1 Answer

Bohm · Answer 1 · 2021-07-16T02:12:42+0000

Answer:

Yes, the triangle is a right triangle.

Explanation:

A triangle with a base of 8 meters and longest side is 17 meters.

Area of triangle is
$60\text{ m}^2.$

Let third side be x m

Semi-perimeter of triangle,
s=(8+17+x)/(2)=(25+x)/(2)

Using Heron's formula to find area of triangle.

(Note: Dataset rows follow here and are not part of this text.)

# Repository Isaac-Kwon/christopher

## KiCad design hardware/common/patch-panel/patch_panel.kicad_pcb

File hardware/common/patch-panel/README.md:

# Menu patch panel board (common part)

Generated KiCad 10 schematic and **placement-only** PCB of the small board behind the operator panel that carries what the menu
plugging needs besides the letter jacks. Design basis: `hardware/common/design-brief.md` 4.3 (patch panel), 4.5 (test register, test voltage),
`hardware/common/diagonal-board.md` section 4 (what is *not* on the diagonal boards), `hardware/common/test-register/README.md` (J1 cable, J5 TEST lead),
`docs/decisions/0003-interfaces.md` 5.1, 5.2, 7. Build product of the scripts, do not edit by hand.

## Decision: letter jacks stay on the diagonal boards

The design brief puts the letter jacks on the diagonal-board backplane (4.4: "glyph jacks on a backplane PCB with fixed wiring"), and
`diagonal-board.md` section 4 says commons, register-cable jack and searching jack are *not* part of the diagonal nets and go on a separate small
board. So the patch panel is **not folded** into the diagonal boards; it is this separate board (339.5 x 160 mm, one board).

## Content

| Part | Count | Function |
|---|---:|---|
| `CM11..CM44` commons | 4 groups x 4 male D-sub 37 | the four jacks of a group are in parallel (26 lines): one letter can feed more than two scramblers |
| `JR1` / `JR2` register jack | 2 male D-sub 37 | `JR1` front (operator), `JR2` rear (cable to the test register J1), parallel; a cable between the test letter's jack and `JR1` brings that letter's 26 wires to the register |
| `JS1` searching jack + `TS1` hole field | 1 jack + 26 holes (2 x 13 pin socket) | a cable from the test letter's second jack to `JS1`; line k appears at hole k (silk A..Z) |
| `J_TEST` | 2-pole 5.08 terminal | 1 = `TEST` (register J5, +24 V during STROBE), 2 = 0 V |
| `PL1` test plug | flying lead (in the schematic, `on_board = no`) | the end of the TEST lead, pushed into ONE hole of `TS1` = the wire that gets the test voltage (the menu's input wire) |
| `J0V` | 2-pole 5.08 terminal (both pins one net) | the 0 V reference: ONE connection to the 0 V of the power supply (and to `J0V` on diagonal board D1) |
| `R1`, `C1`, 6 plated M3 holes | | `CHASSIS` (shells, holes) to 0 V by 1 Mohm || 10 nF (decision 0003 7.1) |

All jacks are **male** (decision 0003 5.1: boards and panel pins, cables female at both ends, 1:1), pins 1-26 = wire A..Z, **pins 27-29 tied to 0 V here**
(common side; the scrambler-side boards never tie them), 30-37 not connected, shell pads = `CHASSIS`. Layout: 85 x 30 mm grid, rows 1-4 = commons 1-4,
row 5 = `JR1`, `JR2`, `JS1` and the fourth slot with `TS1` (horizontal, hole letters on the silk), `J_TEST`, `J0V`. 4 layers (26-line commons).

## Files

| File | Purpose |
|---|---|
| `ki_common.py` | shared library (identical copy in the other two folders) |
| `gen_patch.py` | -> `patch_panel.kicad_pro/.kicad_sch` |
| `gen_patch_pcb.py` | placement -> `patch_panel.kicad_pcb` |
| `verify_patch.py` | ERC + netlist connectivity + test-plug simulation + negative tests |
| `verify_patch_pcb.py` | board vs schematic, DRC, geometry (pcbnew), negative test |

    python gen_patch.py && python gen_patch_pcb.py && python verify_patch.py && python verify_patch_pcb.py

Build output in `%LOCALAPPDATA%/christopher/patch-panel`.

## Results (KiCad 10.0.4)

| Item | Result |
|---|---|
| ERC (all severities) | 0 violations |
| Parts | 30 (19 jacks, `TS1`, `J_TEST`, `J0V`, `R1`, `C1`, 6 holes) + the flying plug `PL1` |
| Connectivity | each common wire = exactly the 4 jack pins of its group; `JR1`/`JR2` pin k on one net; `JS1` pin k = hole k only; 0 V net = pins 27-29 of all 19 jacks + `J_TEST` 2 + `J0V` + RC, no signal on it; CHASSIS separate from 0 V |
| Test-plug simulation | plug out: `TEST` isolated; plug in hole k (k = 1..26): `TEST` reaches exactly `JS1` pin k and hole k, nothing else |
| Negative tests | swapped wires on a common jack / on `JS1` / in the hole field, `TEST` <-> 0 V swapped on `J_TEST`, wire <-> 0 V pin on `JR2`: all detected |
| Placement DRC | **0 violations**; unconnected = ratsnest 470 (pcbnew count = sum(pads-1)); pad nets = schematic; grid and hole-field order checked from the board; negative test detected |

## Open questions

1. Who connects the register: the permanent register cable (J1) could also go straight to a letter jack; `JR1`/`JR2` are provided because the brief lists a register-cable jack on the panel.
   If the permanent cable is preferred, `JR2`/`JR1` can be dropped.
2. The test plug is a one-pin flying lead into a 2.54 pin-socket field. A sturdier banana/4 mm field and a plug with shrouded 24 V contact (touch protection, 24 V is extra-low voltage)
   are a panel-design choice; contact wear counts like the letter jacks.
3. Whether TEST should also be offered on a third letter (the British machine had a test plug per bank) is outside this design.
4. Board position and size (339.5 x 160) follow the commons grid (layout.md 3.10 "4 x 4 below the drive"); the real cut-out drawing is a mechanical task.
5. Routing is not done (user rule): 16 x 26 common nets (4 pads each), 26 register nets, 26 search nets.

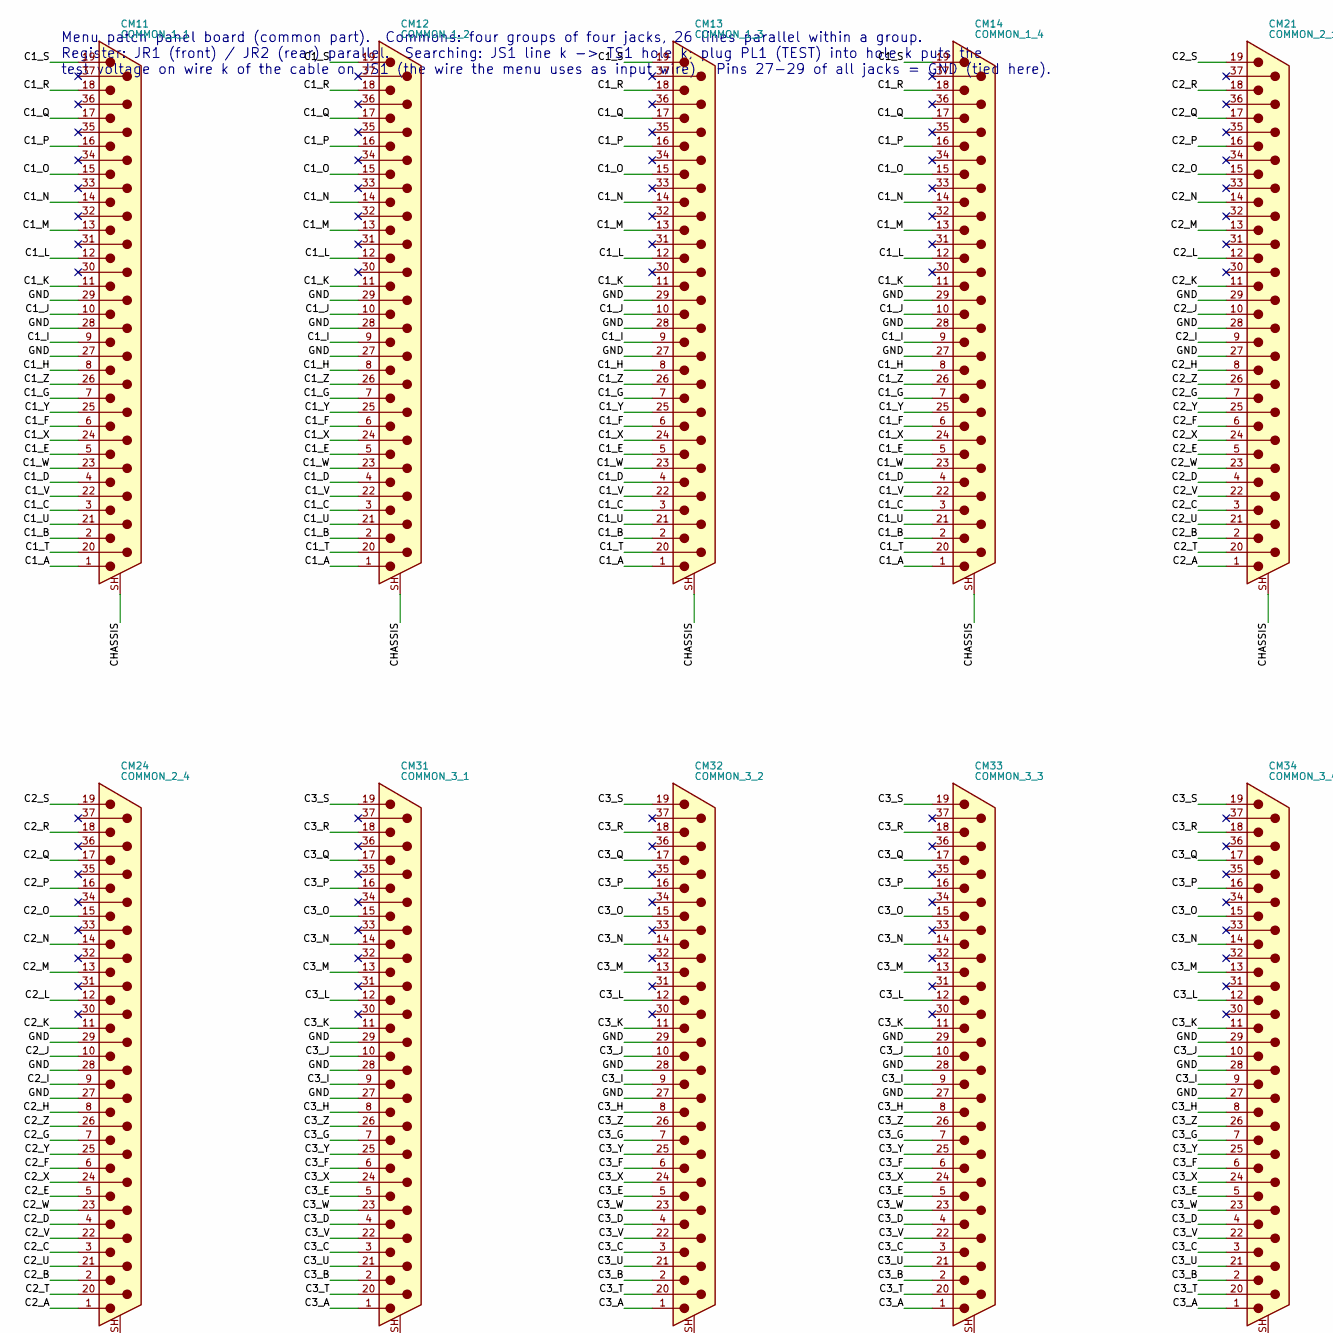
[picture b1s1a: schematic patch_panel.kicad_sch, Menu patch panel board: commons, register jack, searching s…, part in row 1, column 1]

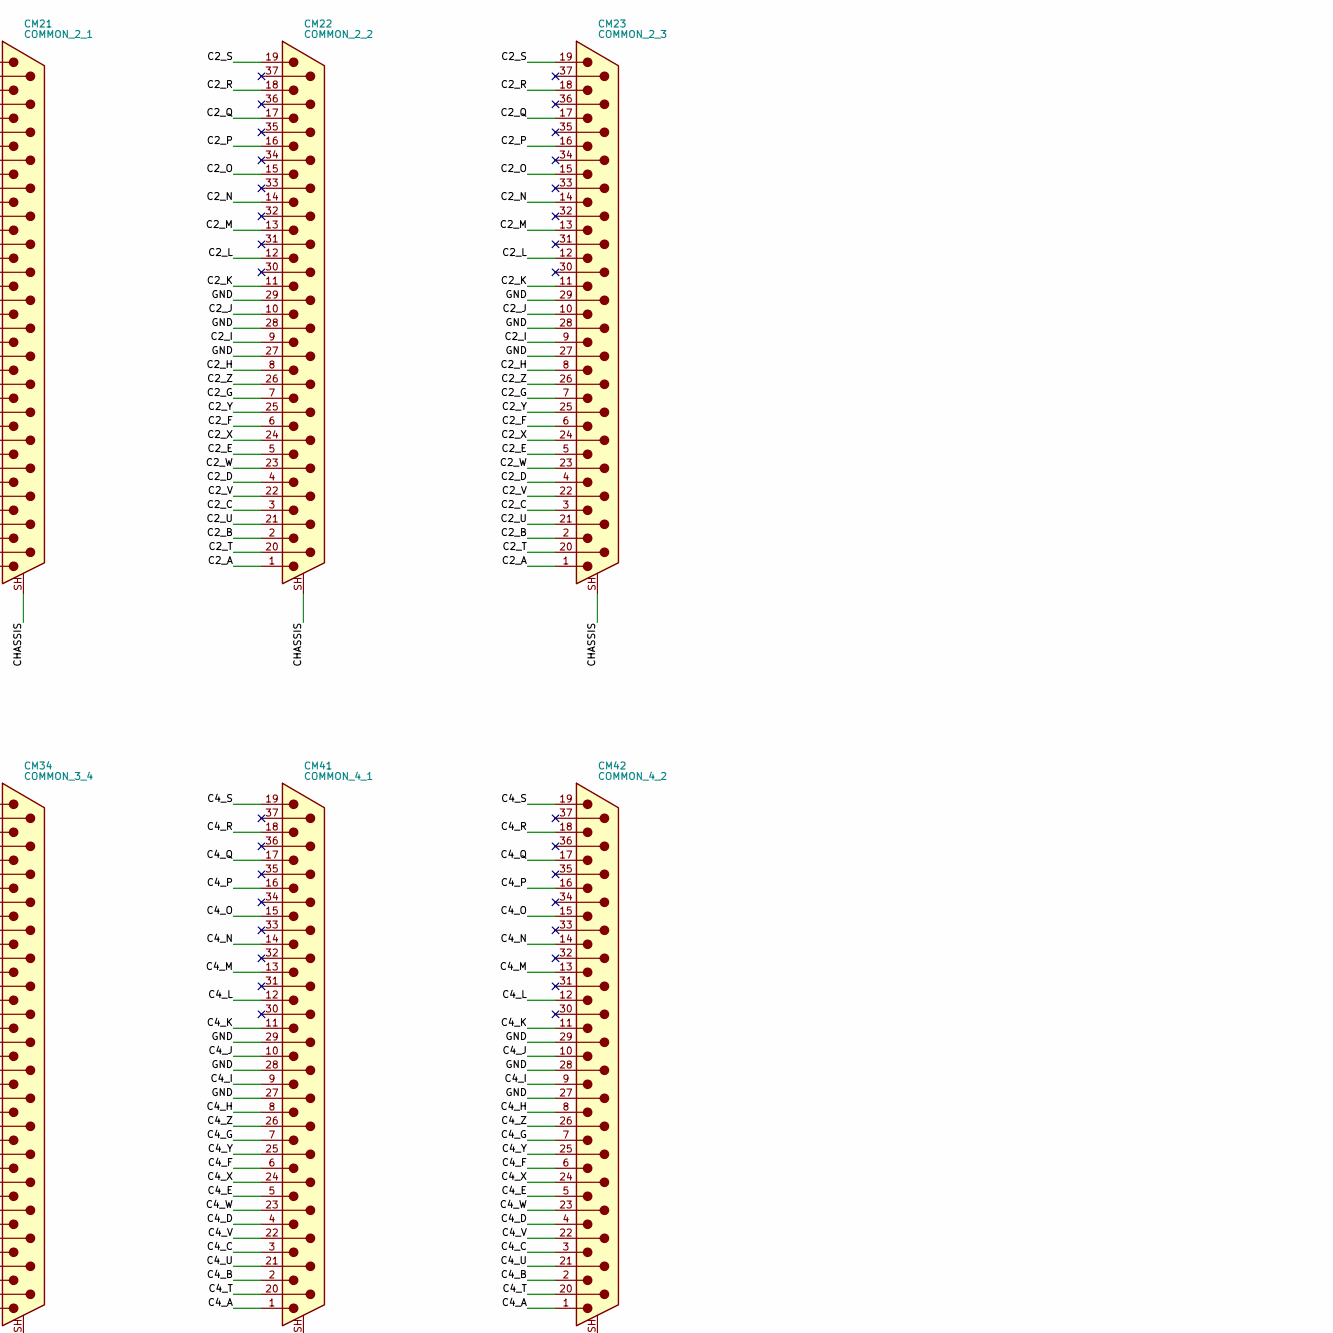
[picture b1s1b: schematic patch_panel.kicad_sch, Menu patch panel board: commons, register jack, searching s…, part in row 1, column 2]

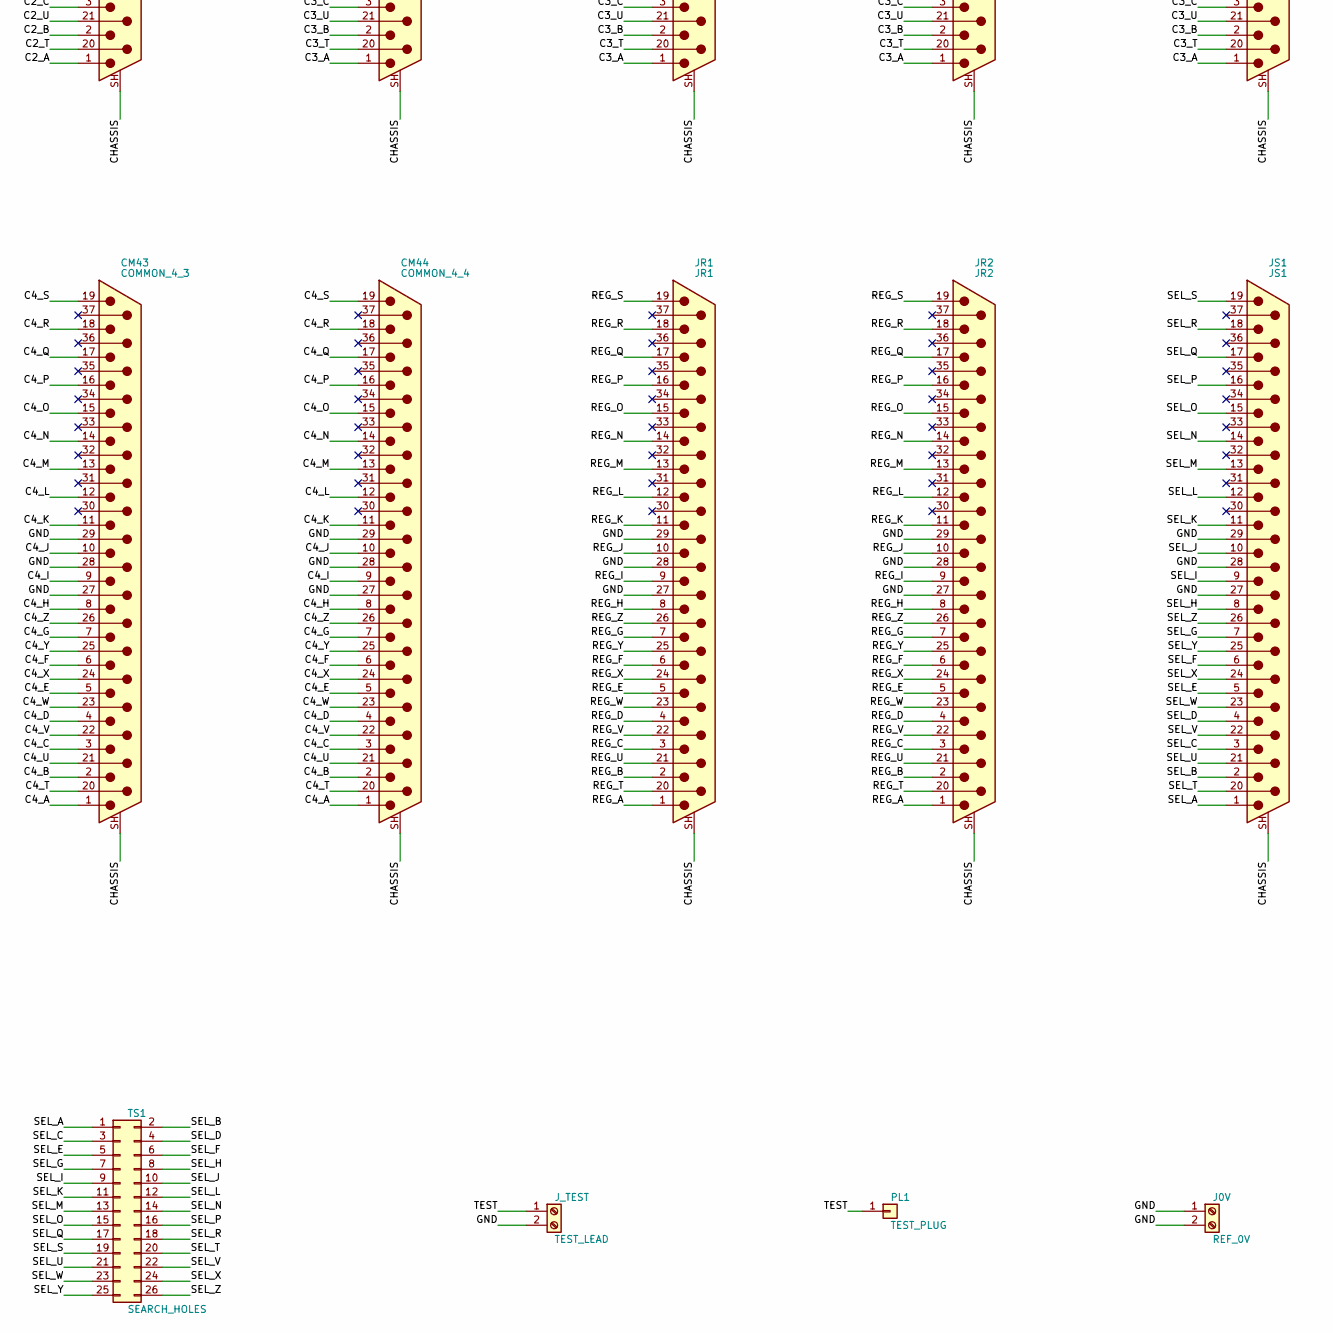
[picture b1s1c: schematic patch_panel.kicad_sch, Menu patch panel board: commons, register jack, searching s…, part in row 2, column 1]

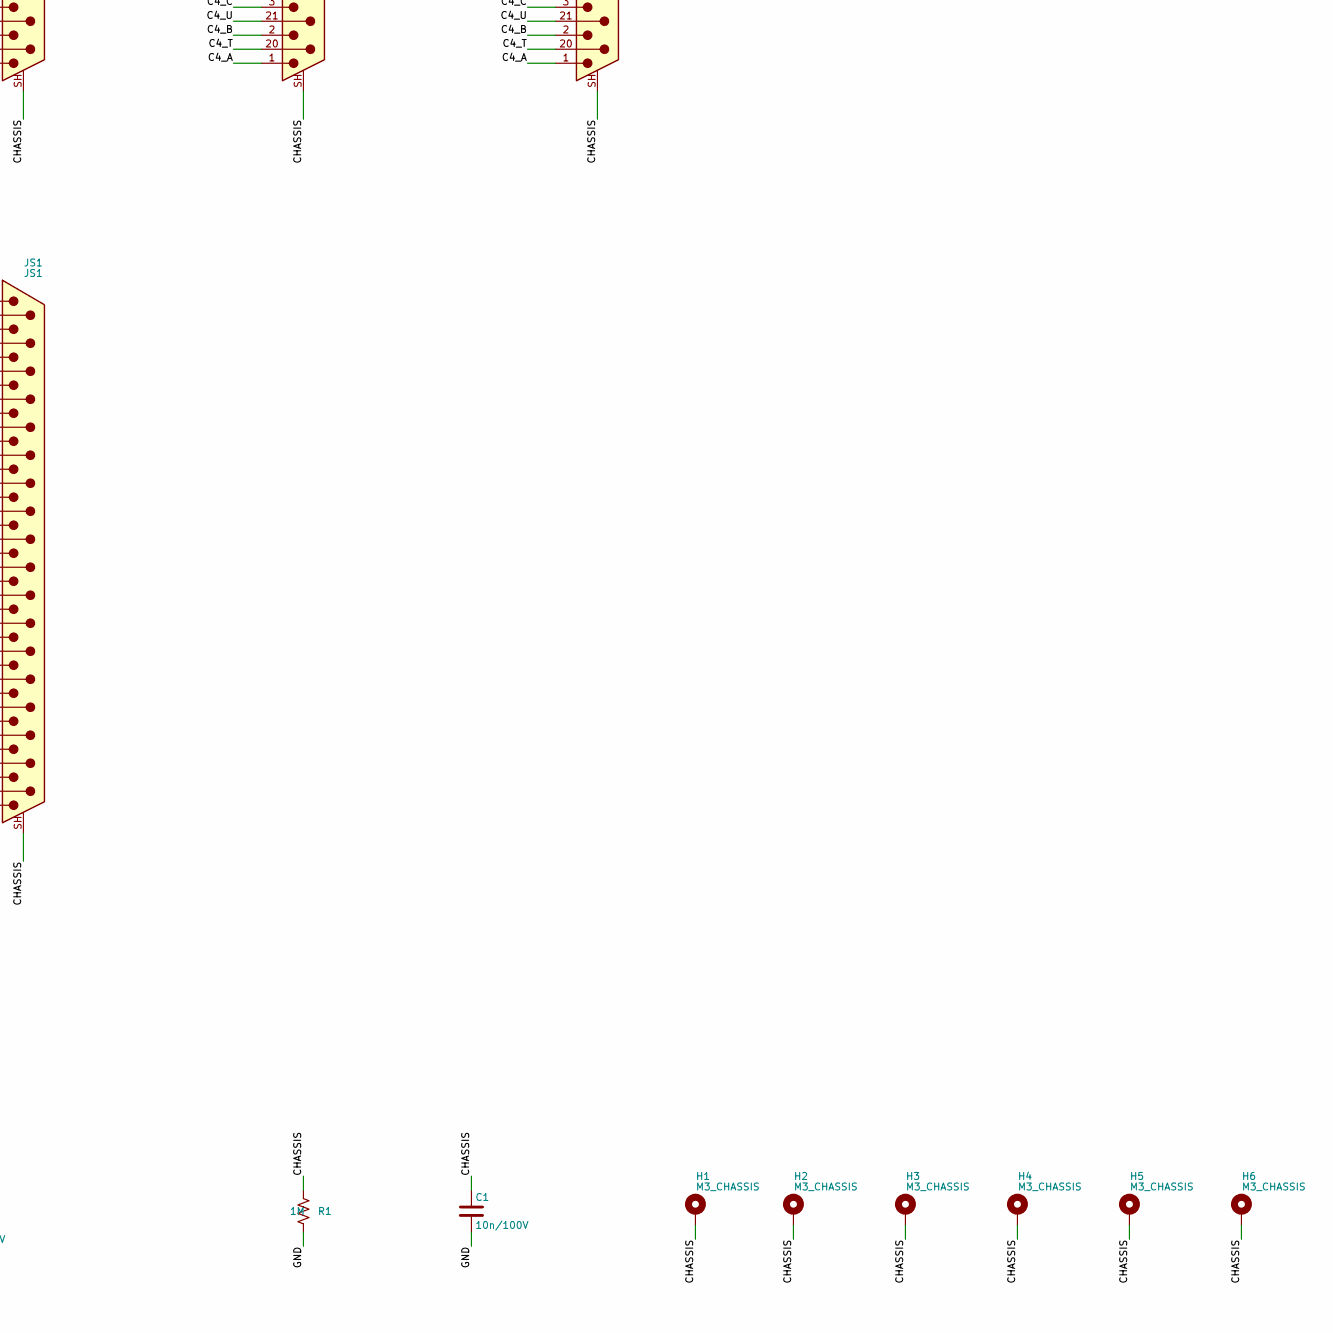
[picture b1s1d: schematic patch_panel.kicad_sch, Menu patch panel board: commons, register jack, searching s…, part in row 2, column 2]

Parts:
C1: 10n/100V; C_0805_2012Metric
CM11: COMMON_1_1; DSUB-37_Pins_Vertical_P2.77x2.84mm_MountingHoles
CM12: COMMON_1_2; DSUB-37_Pins_Vertical_P2.77x2.84mm_MountingHoles
CM13: COMMON_1_3; DSUB-37_Pins_Vertical_P2.77x2.84mm_MountingHoles
CM14: COMMON_1_4; DSUB-37_Pins_Vertical_P2.77x2.84mm_MountingHoles
CM21: COMMON_2_1; DSUB-37_Pins_Vertical_P2.77x2.84mm_MountingHoles
CM22: COMMON_2_2; DSUB-37_Pins_Vertical_P2.77x2.84mm_MountingHoles
CM23: COMMON_2_3; DSUB-37_Pins_Vertical_P2.77x2.84mm_MountingHoles
CM24: COMMON_2_4; DSUB-37_Pins_Vertical_P2.77x2.84mm_MountingHoles
CM31: COMMON_3_1; DSUB-37_Pins_Vertical_P2.77x2.84mm_MountingHoles
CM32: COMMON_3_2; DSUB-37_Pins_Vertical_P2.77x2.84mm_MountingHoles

$\text{Area of triangle }=√(s(s-a)(s-b)(s-c))$

$60=\sqrt{(25+x)/(2)\left((25+x)/(2)-8\right)\left((25+x)/(2)-17\right)\left((25+x)/(2)-x\right)}$

squaring both sides

3600=(25+x)/(2)* (x+9)/(2)* (x-9)/(2)* (25-x)/(2)

3600=(-50625+706x^(2)-x^(4))/(16)

x^4-706x^2+108225=0

(x^2-225)(x^2-481)=0

$x^2=225\text{ or }x^2=481$

$x=\pm 15,\pm√(481)$

x should be positive integer.

So,
$x=15\text{ m}$

Using pthagoreous theorem:

17^2=15^2+8^2

289=225+64

289=289

Therefore, the given triangle is a right triangle.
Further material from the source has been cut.